Working Group Meetings
Similar techniques may be used to augment or supplant business meetings.
Instead of occurring at a fixed time, such meetings would be asynchronous
allowing objectionable and weak contributions to be weeded out and refined
without necessarily exposing the whole group to time losses. Because such
meetings tend to be be continuous, time sensitive subjects can be raised quickly
and receive the group's attention more quickly than at a scheduled meeting.

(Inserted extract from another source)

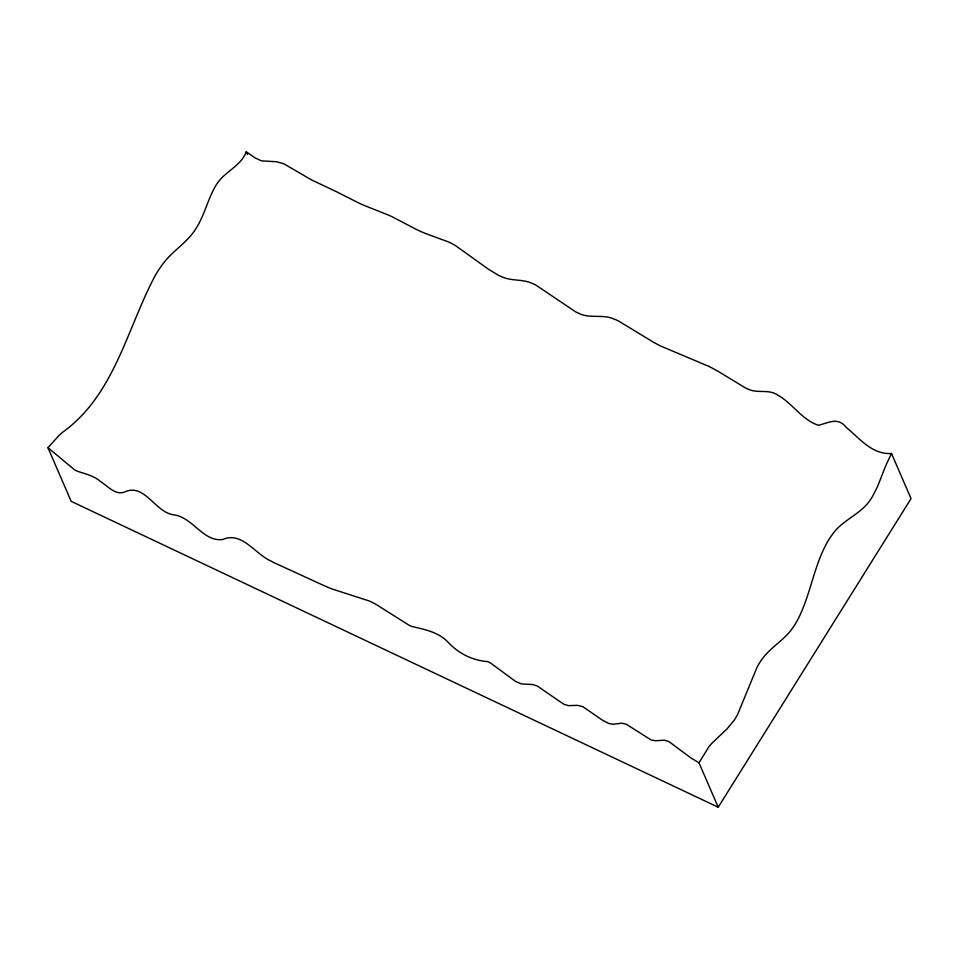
<?xml version="1.0" encoding="UTF-8"?>
<svg xmlns="http://www.w3.org/2000/svg" width="959" height="959" viewBox="0 0 959 959"><rect width="100%" height="100%" fill="white"/><g stroke="black" fill="none" stroke-linecap="round" stroke-linejoin="round"><path stroke-width="1.44" d="M891.534 453.511L887.447 461.974A55.934 20.451 -64.7 0 0 884.773 468.196L877.629 486.345L872.558 496.414A25.485 9.314 -64.7 0 1 869.393 501.185C859.504 514.863 842.05 520.365 832.436 534.367A32.546 11.904 -64.7 0 0 827.389 542.051C813.556 566.601 810.523 595.503 797.397 620.353A30.868 11.292 -64.7 0 1 793.081 627.33C784.558 640.264 769.873 647.421 761.278 660.295A28.686 10.489 -64.7 0 0 756.999 667.344L737.603 714.479A27.463 10.046 -64.7 0 1 733.935 720.533L727.078 728.864L711.422 743.716A40.218 14.709 -64.7 0 0 709.097 746.462L698.991 762.801L718.219 807.226L911.05 498.62L891.534 453.511C872.127 454.746 859.648 438.491 846.234 427.354C837.555 416.506 828.348 423.087 818.423 425.269C801.94 419.946 792.53 403.236 777.617 395.024C768.782 388.803 757.49 393.789 748.164 389.114A17.945 5.107 32 0 1 745.131 387.748L719.682 372.272A55.107 15.68 32 0 0 709.013 366.446M709.013 366.446L661.135 346.235A47.159 13.426 32 0 1 653.762 342.387L618.387 320.917A23.196 6.605 32 0 0 613.388 318.784C602.168 313.965 589.27 319.023 578.325 313.102A17.646 5.023 32 0 1 575.22 311.579L536.093 285.219A19.012 5.406 32 0 0 532.017 283.325C522.643 279.009 511.83 281.155 502.396 277.055A18.844 5.37 32 0 1 498.344 275.221L488.407 269.203L455.321 245.48A26.456 7.528 32 0 0 448.968 242.112L425.7 233.54A47.339 13.474 32 0 1 415.607 229.057L392.399 216.878A52.086 14.829 32 0 0 389.33 215.439L363.725 205.238A60.165 17.118 32 0 1 358.654 202.948L336.741 191.86A83.001 23.615 32 0 0 333.648 190.373L312.131 180.196A40.674 11.58 32 0 1 308.906 178.398L283.828 163.785L276.42 161.723L261.423 160.848L254.83 157.767L246.283 151.774C241.129 165.368 226.899 170.738 218.508 181.587A21.721 7.936 -64.7 0 0 216.566 184.368C208.283 197.578 205.154 213.258 197.158 226.624A28.638 10.465 -64.7 0 1 195.3 229.597C186.717 242.975 172.308 251.042 162.994 263.821A48.693 17.801 -64.7 0 0 155.37 275.245C126.792 328.781 114.553 395.312 62.131 432.617A157.959 57.744 -64.7 0 0 58.715 435.806L47.95 447.673L71.17 501.341L718.219 807.226M698.991 762.801L690.936 757.958L668.843 741.523L664.179 740.156L655.476 740.78L651.041 739.928L626.323 724.249L621.792 723.206L613.281 724.261L608.905 723.554L602.588 720.281L582.832 706.651L577.378 705.344L568.543 705.644L563.892 704.302L537.196 685.949L532.509 684.522L521.66 683.971L515.726 681.537L490.624 663.101A10.393 2.961 32 0 0 487.52 661.59C472.355 660.415 458.858 653.618 448.249 642.41C438.635 632.065 424.969 629.595 412.01 626.479A18.161 5.167 32 0 1 409.002 625.172L376.491 604.673A30.065 8.559 32 0 0 369.167 600.945L332.21 589.018A66.77 19 32 0 1 321.229 584.343L274.442 562.873A25.617 7.288 32 0 1 271.253 561.159C255.382 554.458 241.932 530.95 222.752 539.509C203.044 542.099 192.843 517.237 173.759 514.839C155.37 512.538 144.821 483.396 125.413 491.655C116.051 496.223 107.899 486.189 100.743 481.718C94.15 475.88 85.579 473.926 77.475 471.301A9.122 2.601 32 0 1 74.275 469.61L47.95 447.673M246.283 151.774L247.458 154.495"/></g></svg>

Subscribers could be alerted of emerging high priority areas by voice or email
which directs them to a linear conversation. When the recorded parties
have a high degree of interest in the new listeners reaction (e.g. when they are
higher in the chain of command), they might be paged to participate live in the
resulting conversation.
Process
Following is an outline of how the process could augment the call-in format
commonly used in radio.
- The program is distributed live on radio preceded by an announcement like,
"This program is part of a series on ____ being continuously improved by
feedback from callers to (phone number) and visitors to our web site. If you would like to ask a question,
comment or disagree please note the exact time as it will help you to find the
context for your interaction when you call. The most
interesting interactions will be integrated into a rebroadcast of
this program on/at ______."
- The program is recorded and the host's questions are marked and tagged to
facilitate navigation.
- Callers are asked to identify themselves, find the point at which they
wish to interject and speak their piece. With speaker barge-in, a
short utterance, cough or hurrah may be captured and used later as an audio
overlay. Such overlays will cue subsequent users that interaction with
other participants is possible. The volume of the overlay may be
adjusted to indicate the significance of the interjection.
- If widely supported, the barge-in may interrupt the conversation and set a
new direction. It is important for support to be registered quickly so
that the host and speaker can stopped and redirected to the problematic area.
The producer may override a strongly supported interjection if they feel that
it detracts from the need to present a case.
- The system instructs callers
in the use of the control language introducing only one or two words at a time so that novices are
easily able to achieve the most common objectives while repeat users can
become adept at using the controls.
- Contributors are asked to classify each contribution as a
question, disagreement, comment or restatement. They are also asked
whether they would like to record a short
interjection like as if participating in a live studio audience like an empathetic
word, a cough or hurrah. The earcon will be inserted or mixed into the program to serve as cues for
subsequent interactions. Feedback from subsequent users' reactions to
the piece will decide whether to insert the piece automatically, play the
piece only if the user interacts with the earcon, or discards the piece.
- The contributor then hears other contributions to the program and is asked
for his opinion. These opinions are collectively weighed (based on the
feedback received above - interactions can embed recursively) and influence
the subsequent prominence (principally volume) of the contributions as
represented by their earcons. Interesting and popular questions and
comments will tend to rise in prominence. According to this feedback,
pieces which cross a certain
threshold will change from earcons to become part of the program.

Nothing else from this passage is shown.